Block doesn’t monetize his Substack and says he writes articles for fun and as a public service. “I get to meet all sorts of random people and learn about interesting things,” he said. “I don’t have any goals with this, I’m just doing what I find interesting.”

Stephen Findeisen, a full-time content creator who goes by the pseudonym ​​Coffezilla, is one of the foremost independent journalists covering the crypto industry and online fraud. He was profiled by the New Yorker in May for his work uncovering crypto scams, and his investigative journalism into the crypto space has earned him over 1.54 million subscribers on YouTube.

Findeisen said he finds the wedge that people try to drive between traditional media and so-called citizen journalists tiring. In reality, he said, “the line is more and more blurred. You have mainstream journalists who have Substacks and new media people doing stories for the New York Times.”

It makes sense, Findeisen said, that these shifts would come to a head around the FTX story. “I think crypto’s dislike of mainstream media is directly tied to their dislike of all establishment,” he said. “Most people in crypto have felt cheated by the mainstream financial institutions. They were the ones watching the banks get the big bailouts in 2008, and Jim Cramer saying Bear Stearns is okay. They got foreclosed on. They watched their 401(k)s go down.”

There’s a feeling among crypto enthusiasts that “if you’re powerful enough and rich enough, the corporate media will never look at you badly,” Findeisen said. “There’s been an underestimation of how much distrust there is in legacy institutions that give the appearance of fairness but actually have a deep bias toward corporatism and power.”

Mike Dudas, an investor at crypto venture-capital firm 6MV, worries about those filling the gap. For every Findeisen, there are dozens of anonymous tea accounts that will publish anything that gets them attention. “We’ve seen a rise of folks who have tried to fill the gap left by the traditional media, and more often than not, it’s not a net positive,” Dudas said. “You have a lot of impostors and pseudo experts. They flock toward areas of complexity where people don’t understand things, and they fill that void with loud misinformation.”

“Citizen journalism is susceptible to echo chambers,” Nawfal said, “because if they create drama, they get attention. If they find a fact that goes against what most people believe, many won’t mention it because everyone will disagree with them.”

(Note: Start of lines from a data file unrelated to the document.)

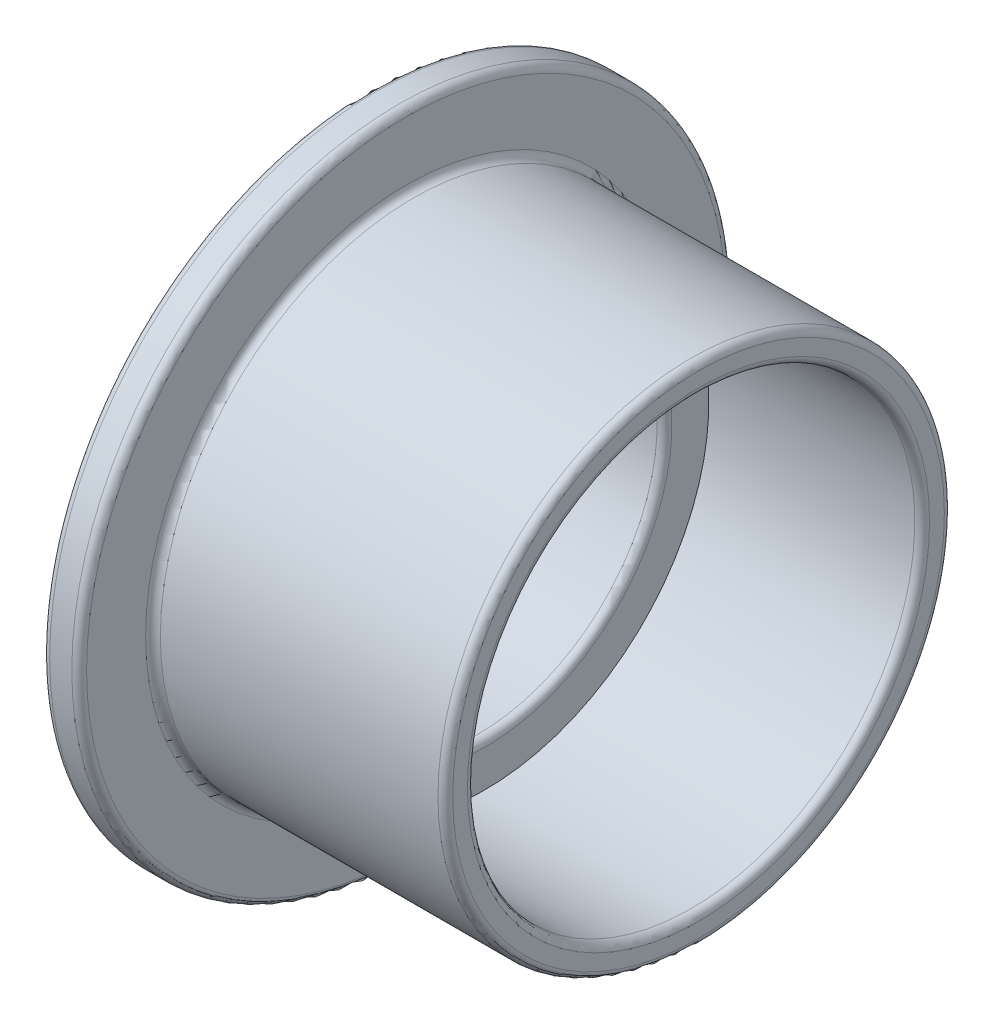
from build123d import *

# Parameters (mm, degrees)
FILLET1_R = 0.5


with BuildPart() as part:
    # Sketch1 → Revolve1 (revolve)
    with BuildSketch(Plane.XY, mode=Mode.PRIVATE) as revolve1_sk:
        Polygon((-12.5, 22.15), (-12.5, 12.15), (-4.65, 12.15), (-4.65, 15.15), (9.8, 15.15), (9.8, 17.15), (-10, 17.15), (-10, 22.15), align=None)
    revolve(revolve1_sk.sketch.rotate(Axis((-30.849638619, 0, 0), (1, 0, 0)), 90), axis=Axis((-30.849638619, 0, 0), (1, 0, 0)))

    # Fillet1
    fillet1_edges = [part.edges().sort_by_distance(p)[0] for p in [
        (-12.5, 0, -22.15),
        (-10, 0, -22.15),
        (-10, 0, -17.15),
        (9.8, 0, -17.15),
        (9.8, 0, -15.15),
        (-4.65, 0, -12.15),
        (-12.5, 0, -12.15),
    ]]
    fillet(fillet1_edges, radius=FILLET1_R)


solid = part.part
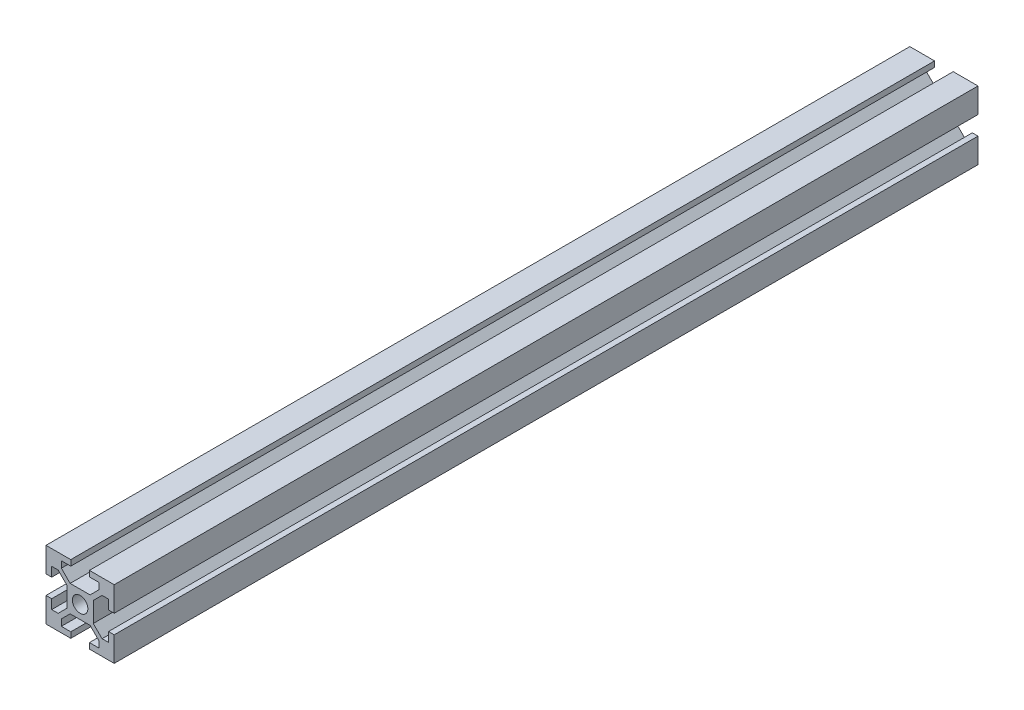
from build123d import *

# Parameters (mm, degrees)
SKETCH_1_R      = 3.4
EXTRUDE_1_DEPTH = 380


with BuildPart() as part:
    # 草图1 → 凸台-拉伸1 (new body)
    with BuildSketch(Plane.XY):
        Polygon((-4.1, 12.5), (-4.1, 15), (-8.25, 15), (-15, 15), (-15, 8.25), (-15, 4.1), (-12.5, 4.1), (-12.5, 8.25), (-9.664213562, 8.25), (-5.8, 4.385786438), (-5.8, -4.385786438), (-9.664213562, -8.25), (-12.5, -8.25), (-12.5, -4.1), (-15, -4.1), (-15, -8.25), (-15, -15), (-8.25, -15), (-4.1, -15), (-4.1, -12.5), (-8.25, -12.5), (-8.25, -9.664213562), (-4.385786438, -5.8), (4.385786438, -5.8), (8.25, -9.664213562), (8.25, -12.5), (4.1, -12.5), (4.1, -15), (8.25, -15), (15, -15), (15, -8.25), (15, -4.1), (12.5, -4.1), (12.5, -8.25), (9.664213562, -8.25), (5.8, -4.385786438), (5.8, 4.385786438), (9.664213562, 8.25), (12.5, 8.25), (12.5, 4.1), (15, 4.1), (15, 8.25), (15, 15), (8.25, 15), (4.1, 15), (4.1, 12.5), (8.25, 12.5), (8.25, 9.664213562), (4.385786438, 5.8), (-4.385786438, 5.8), (-8.25, 9.664213562), (-8.25, 12.5), align=None)
        Circle(SKETCH_1_R, mode=Mode.SUBTRACT)
    extrude(amount=EXTRUDE_1_DEPTH)


solid = part.part

Many influencers who have garnered mass attention from covering the FTX news are trying to be responsible. Tiffany Fong, a YouTuber and content creator who has been covering the crypto collapse on Twitter, networks regularly with journalists at mainstream outlets, in some cases feeding them scoops she’s not prepared to report out herself. “I had no intention of being an influencer or doing anything journalistic, but when Celsius shut down withdrawals, I had no one to vent to about it,” she said. When she received audio from an internal all-hands meeting, she decided to take a two-pronged approach. “I was like, okay, I’ll leak it to the New York Times, and I’ll post the audio to my YouTube channel,” she said.

“I think it’s really cool that anyone can become a reporter at this point,” she said. “People do now look to me for updates on news. It is really cool that anyone can build a platform and become trustworthy and have the power of being a journalist.”

While this new cadre of independent “citizen journalists” might not be working in a traditional newsroom, Fong said they do collaborate and help each other on stories.

“We’re all working together,” she said. “I chatted with Coffezilla and [Dirty Bubble Media]. We’re able to work together and fight for a common cause of getting information out there. It doesn’t feel competitive. We all just want the truth out there.”